Bits and Maintenance

As you may have already figured out, I’ve been even more of a fair weather rider this year than usual with Joey distracting me and my sheer fear of being bucked off lack of motivation due to apprehension regarding how Copper will return to work post-Lyme treatment. Paige has carried me around occasionally, but outside of the clinic prep its been all trail riding or toodling about.



Some fall plans have begun to unfold, so I’ve started trying to leg her up for the adventures. On Saturday I rode her in my western tack and she felt fine, but whenever I asked her to go on the bit, she folded herself up behind the vertical or plunged her face to the ground like she wants to drag her nose in the dirt. This is normal for her in this bit, but since she and I are more likely to wander around on the buckle, it hasn’t been an issue. As long as I don’t ask her to go on the bit, she doesn’t go behind the vertical. The bit I’m using is stronger than she really needs, but it keeps her from hanging on my hands, which I forgot she did until last night when I rode her in the single jointed eggbutt snaffle and dressage tack.

I generally ride her in that snaffle when I trail ride, but she goes on the buckle on trails, so I haven’t had any issues with her leaning on my hands then, just when I actually want her to work. So basically I have two bits that “work” on her, but they don’t really work either since one she lays on and the other she evades.

I did the Myler bit wizard thing because it popped up on FB the other day and they recommended this bit. Ron Myler seems to think my answers on the survey imply that Paige wants tongue relief. So I might try to get my hands on one of these through a trial program soon. Until then, I think I’ll just use the bit we typically use that she goes behind the vertical in, and I just won’t ask her to go on the bit. I have enough to work on without fussing with her face this fall. I’ve also noted that when I ride her in my western tack (and that bit) she is SO much easier to steer with my legs and rein pressure on her neck, while she tends to ignore my legs while laying on my hands in the dressage bridle. Apparently she doesn’t want to be fancy. :/

I’m also planning on having everyone’s teeth checked before winter since they haven’t been in a while. That may be contributing to Paige’s bit issues. The vet will be out soon enough to geld Russell, so that’ll be a fun day.

The sudden return to riding (all two rides of it so far…lolz) has also made something else abundantly clear. Paige is starting to show her age. In case any of you missed it, Paige will be 18 this coming year. Apparently everyone thinks she’s much younger, but alas, she is on the wrong side of 15, hence why I wanted to get her pregnant to create her retirement plan. Joey exists to become my future reliable mount (you hear that Joey, reliable…like your mother).


She’s a cute mare.

The first day I rode it was fairly warm out and she felt good and was energetic, but the second was the first day of our recent cold snap. It was around 52 degrees out and Paige apparently felt it, though moreso in her joints than by being fresh like a young horse on a cool day. She seemed off in her front end while I rode and afterwards I tied her for a little while to help put hydraulic fluid in the tractor, then when I untacked her and led her off, she was stiff in her hind end.

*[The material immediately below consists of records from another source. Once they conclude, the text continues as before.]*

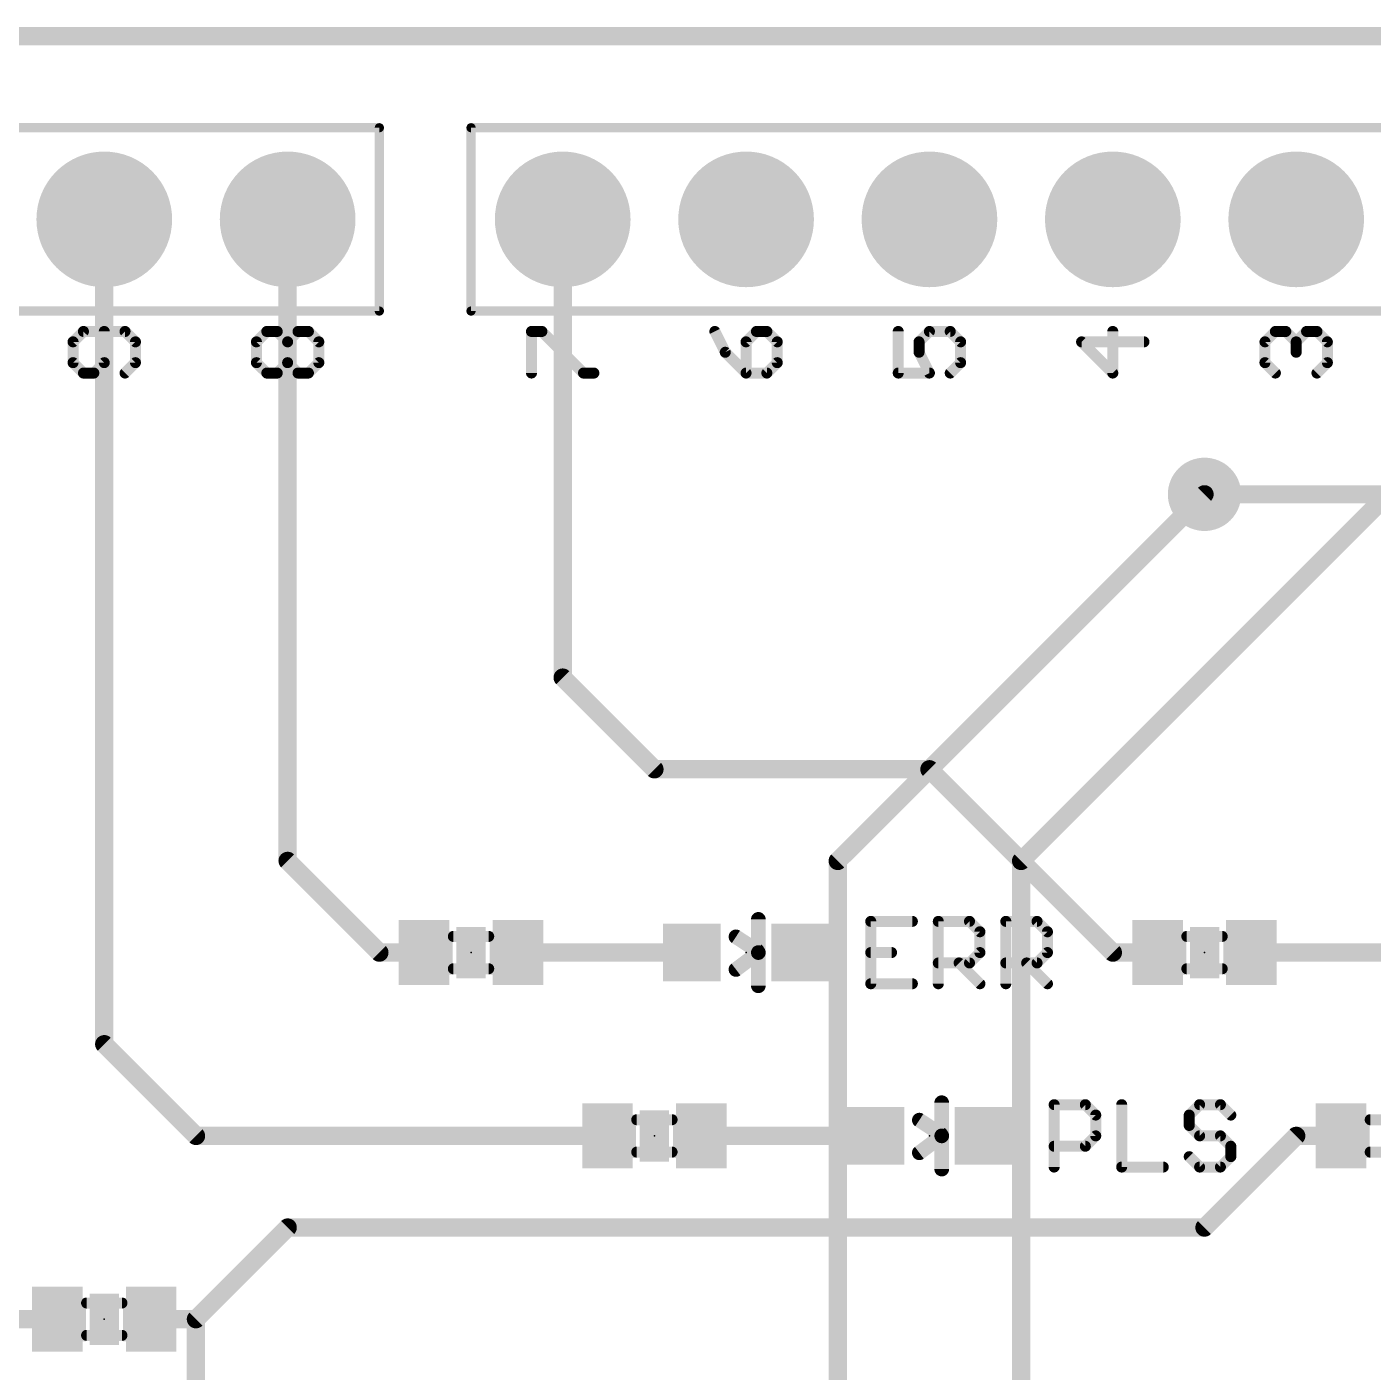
# Model space of a CAD drawing. Extents: x -15.6 to 66.2, y -11.4 to 53.5.
# Drawn here: x 29.41 to 48.05, y 34.83 to 53.47 of the extents above; entities that cross this region are included whole.
import ezdxf

# ---------------------------------------------------------------- set-up
doc = ezdxf.new("R2010")
doc.units = 0
for name, color, linetype in [('1', 12, 'CONTINUOUS'), ('16', 132, 'CONTINUOUS'), ('17', 110, 'CONTINUOUS'), ('18', 110, 'CONTINUOUS'), ('20', 53, 'CONTINUOUS'), ('21', 41, 'CONTINUOUS'), ('23', 53, 'CONTINUOUS'), ('51', 53, 'CONTINUOUS')]:
    doc.layers.add(name, color=color, linetype=linetype)

# ---------------------------------------------------------------- blocks, each defined once
blk = doc.blocks.new('RECT')
blk.add_solid([(-0.5, -0.5), (0.5, -0.5), (-0.5, 0.5), (0.5, 0.5)])
blk = doc.blocks.new('ROUNDP')
at = {"const_width": 0.5}
blk.add_lwpolyline([(0, -0.25, 1), (0, 0.25, 1), (0, -0.25)], format="xyb", dxfattribs=at)
blk = doc.blocks.new('ROUNDV')
at = {"const_width": 0.5}
blk.add_lwpolyline([(0, -0.25, 1), (0, 0.25, 1), (0, -0.25)], format="xyb", dxfattribs=at)

msp = doc.modelspace()

# ---------------------------------------------------------------- linework, layer by layer
at = {"layer": '1', "const_width": 0.254}
for points in [[(59.69, 53.34), (0, 53.34)], [(30.48, 39.37), (30.48, 50.8)], [(33.02, 41.91), (33.02, 50.8)], [(36.83, 44.45), (36.83, 50.8)], [(45.72, 46.99), (50.8, 46.99)], [(36.83, 44.45), (38.1, 43.18)], [(38.1, 43.18), (41.91, 43.18)], [(41.91, 43.18), (44.45, 40.64)], [(34.29, 40.64), (33.02, 41.91)], [(34.91, 40.64), (34.29, 40.64)], [(36.21, 40.64), (38.62, 40.64)], [(44.45, 40.64), (45.07, 40.64)], [(46.37, 40.64), (48.78, 40.64)], [(31.75, 38.1), (30.48, 39.37)], [(31.75, 38.1), (37.45, 38.1)], [(38.75, 38.1), (41.16, 38.1)], [(45.72, 36.83), (46.99, 38.1)], [(46.99, 38.1), (47.61, 38.1)], [(31.75, 35.56), (33.02, 36.83)], [(33.02, 36.83), (45.72, 36.83)], [(29.21, 35.56), (29.83, 35.56)], [(31.75, 35.56), (31.13, 35.56)], [(31.75, 30.48), (31.75, 35.56)]]:
    msp.add_lwpolyline(points, dxfattribs=at)
at = {"layer": '1', "const_width": 0.127}
for points in [[(30.5435, 50.8, 1), (30.4165, 50.8)], [(33.0835, 50.8, 1), (32.9565, 50.8)], [(36.8935, 50.8, 1), (36.7665, 50.8)], [(45.72, 47.0535, 1), (45.72, 46.9265)], [(36.8749, 44.4949, 1), (36.7851, 44.4051)], [(36.7665, 44.45, 1), (36.8935, 44.45)], [(38.1, 43.2435, 1), (38.1, 43.1165)], [(38.0551, 43.1351, 1), (38.1449, 43.2249)], [(41.9549, 43.2249, 1), (41.8651, 43.1351)], [(41.91, 43.1165, 1), (41.91, 43.2435)], [(33.0649, 41.9549, 1), (32.9751, 41.8651)], [(32.9565, 41.91, 1), (33.0835, 41.91)], [(34.29, 40.7035, 1), (34.29, 40.5765)], [(34.2451, 40.5951, 1), (34.3349, 40.6849)], [(34.91, 40.5765, 1), (34.91, 40.7035)], [(36.21, 40.7035, 1), (36.21, 40.5765)], [(38.62, 40.5765, 1), (38.62, 40.7035)], [(44.45, 40.7035, 1), (44.45, 40.5765)], [(44.4051, 40.5951, 1), (44.4949, 40.6849)], [(45.07, 40.5765, 1), (45.07, 40.7035)], [(46.37, 40.7035, 1), (46.37, 40.5765)], [(30.5249, 39.4149, 1), (30.4351, 39.3251)], [(30.4165, 39.37, 1), (30.5435, 39.37)], [(31.75, 38.1635, 1), (31.75, 38.0365)], [(37.45, 38.0365, 1), (37.45, 38.1635)], [(38.75, 38.1635, 1), (38.75, 38.0365)], [(41.16, 38.0365, 1), (41.16, 38.1635)], [(46.99, 38.1635, 1), (46.99, 38.0365)], [(47.0349, 38.0551, 1), (46.9451, 38.1449)], [(47.61, 38.0365, 1), (47.61, 38.1635)], [(31.7051, 38.0551, 1), (31.7949, 38.1449)], [(33.02, 36.8935, 1), (33.02, 36.7665)], [(33.0649, 36.7851, 1), (32.9751, 36.8749)], [(45.6751, 36.8749, 1), (45.7649, 36.7851)], [(45.72, 36.7665, 1), (45.72, 36.8935)], [(29.83, 35.4965, 1), (29.83, 35.6235)], [(31.13, 35.6235, 1), (31.13, 35.4965)], [(31.8135, 35.56, 1), (31.6865, 35.56)], [(31.7051, 35.6049, 1), (31.7949, 35.5151)], [(31.75, 35.4965, 1), (31.75, 35.6235)]]:
    msp.add_lwpolyline(points, format="xyb", dxfattribs=at)
at = {"layer": '16', "const_width": 0.254}
for points in [[(59.69, 53.34), (0, 53.34)], [(43.18, 41.91), (52.07, 50.8)], [(40.64, 41.91), (45.72, 46.99)], [(40.64, 29.21), (40.64, 41.91)], [(43.18, 29.21), (43.18, 41.91)]]:
    msp.add_lwpolyline(points, dxfattribs=at)
at = {"layer": '16', "const_width": 0.127}
for points in [[(45.7649, 46.9451, 1), (45.6751, 47.0349)], [(40.7035, 41.91, 1), (40.5765, 41.91)], [(40.5951, 41.9549, 1), (40.6849, 41.8651)], [(43.2435, 41.91, 1), (43.1165, 41.91)], [(43.1351, 41.9549, 1), (43.2249, 41.8651)]]:
    msp.add_lwpolyline(points, format="xyb", dxfattribs=at)
at = {"layer": '20', "const_width": 0.254}
msp.add_lwpolyline([(2.54, 53.34), (55.88, 53.34)], dxfattribs=at)
at = {"layer": '21'}
for points, const_width in [([(30.1915, 49.2469), (30.0475, 49.1029)], 0.1524), ([(30.7677, 49.2469), (30.1915, 49.2469)], 0.1524), ([(30.4796, 48.8147), (30.4796, 49.2469)], 0.1524), ([(30.9118, 49.1029), (30.7677, 49.2469)], 0.1524), ([(32.5875, 49.1029), (32.7315, 49.2469)], 0.1524), ([(32.7315, 49.2469), (32.8756, 49.2469)], 0.1524), ([(32.8756, 49.2469), (33.0196, 49.1029)], 0.1524), ([(33.0196, 49.1029), (33.1637, 49.2469)], 0.1524), ([(33.1637, 49.2469), (33.3077, 49.2469)], 0.1524), ([(33.3077, 49.2469), (33.4518, 49.1029)], 0.1524), ([(36.3975, 48.6707), (36.3975, 49.2469)], 0.1524), ([(36.3975, 49.2469), (36.5415, 49.2469)], 0.1524), ([(36.5415, 49.2469), (37.1177, 48.6707)], 0.1524), ([(38.9375, 49.2469), (39.0815, 48.9588)], 0.1524), ([(39.5137, 49.2469), (39.3696, 49.1029)], 0.1524), ([(39.6577, 49.2469), (39.5137, 49.2469)], 0.1524), ([(39.8018, 49.1029), (39.6577, 49.2469)], 0.1524), ([(41.4775, 49.2469), (41.4775, 48.6707)], 0.1524), ([(41.7656, 49.1029), (41.9096, 49.2469)], 0.1524), ([(41.9096, 49.2469), (42.1977, 49.2469)], 0.1524), ([(42.1977, 49.2469), (42.3418, 49.1029)], 0.1524), ([(44.4496, 48.6707), (44.4496, 49.2469)], 0.1524), ([(46.5575, 49.1029), (46.7015, 49.2469)], 0.1524), ([(46.7015, 49.2469), (46.8456, 49.2469)], 0.1524), ([(46.8456, 49.2469), (46.9896, 49.1029)], 0.1524), ([(46.9896, 49.1029), (47.1337, 49.2469)], 0.1524), ([(47.1337, 49.2469), (47.2777, 49.2469)], 0.1524), ([(47.2777, 49.2469), (47.4218, 49.1029)], 0.1524), ([(30.0475, 49.1029), (30.0475, 48.8147)], 0.1524), ([(30.9118, 48.8147), (30.9118, 49.1029)], 0.1524), ([(32.5875, 48.8147), (32.5875, 49.1029)], 0.1524), ([(33.0196, 48.8147), (33.0196, 49.1029)], 0.1524), ([(33.4518, 49.1029), (33.4518, 48.8147)], 0.1524), ([(39.3696, 49.1029), (39.3696, 48.6707)], 0.1524), ([(39.8018, 48.8147), (39.8018, 49.1029)], 0.1524), ([(41.7656, 48.9588), (41.7656, 49.1029)], 0.1524), ([(42.3418, 49.1029), (42.3418, 48.8147)], 0.1524), ([(44.8818, 49.1029), (44.0175, 49.1029)], 0.1524), ([(44.0175, 49.1029), (44.4496, 48.6707)], 0.1524), ([(46.5575, 48.8147), (46.5575, 49.1029)], 0.1524), ([(46.9896, 49.1029), (46.9896, 48.9588)], 0.1524), ([(47.4218, 49.1029), (47.4218, 48.8147)], 0.1524), ([(30.0475, 48.8147), (30.1915, 48.6707)], 0.1524), ([(30.3356, 48.6707), (30.4796, 48.8147)], 0.1524), ([(30.7677, 48.6707), (30.9118, 48.8147)], 0.1524), ([(32.7315, 48.6707), (32.5875, 48.8147)], 0.1524), ([(33.0196, 48.8147), (32.8756, 48.6707)], 0.1524), ([(33.1637, 48.6707), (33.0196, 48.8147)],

So I think the cold weather is getting to her potential arthritis (that I’m diagnosing myself for now). I’ve been thinking all year about how I need to start her on some joint supplements since she’s getting older, but since I hadn’t seen any changes and she doesn’t get grain, I didn’t see the rush. I did randomly buy some MSM when the supplements blog hop was floating around, so I think she’s going to start getting some of that with a handful of grain until I devise a more solid plan. What I need to know now, is what do you guys do for your older horses? I know several bloggers have horses Paige’s age or older who are already receiving this sort of maintenance, so I’m looking to you guys for suggestions as Paige is the oldest thing I’ve maintained.


She already visits the grain barrels wistfully when I’m not paying attention…

So…any suggestions?

3 thoughts on “Bits and Maintenance

  1. I have used recovery EQ for a previous horse and it was a huge help for him, I know others who use it also. I’ve heard good things about Curost as well and that’s what I’m planning to buy for Apollo once the budget allows. Injectables are obviously more direct (legend etc) but I don’t have any experience with that route. I did find that using a Back on Track mesh sheet before rides really helped Apollo in the cooler months, I sold mine when I was really broke but I hope to get one again soon 🙂

  2. MSM seemed to make Ben crazy. I like glucosamine better but I think it’s whatever works for your horse. I also legit saw improvement with Cosequin. Prevacox didn’t seem to do much. So, I think every horse is different but I take glucosamine and I feel the difference.

  3. I have had great luck with MSM in the past, but Simon is the pickiest of eaters and won’t eat it. Previcox seems to be working well for him, though.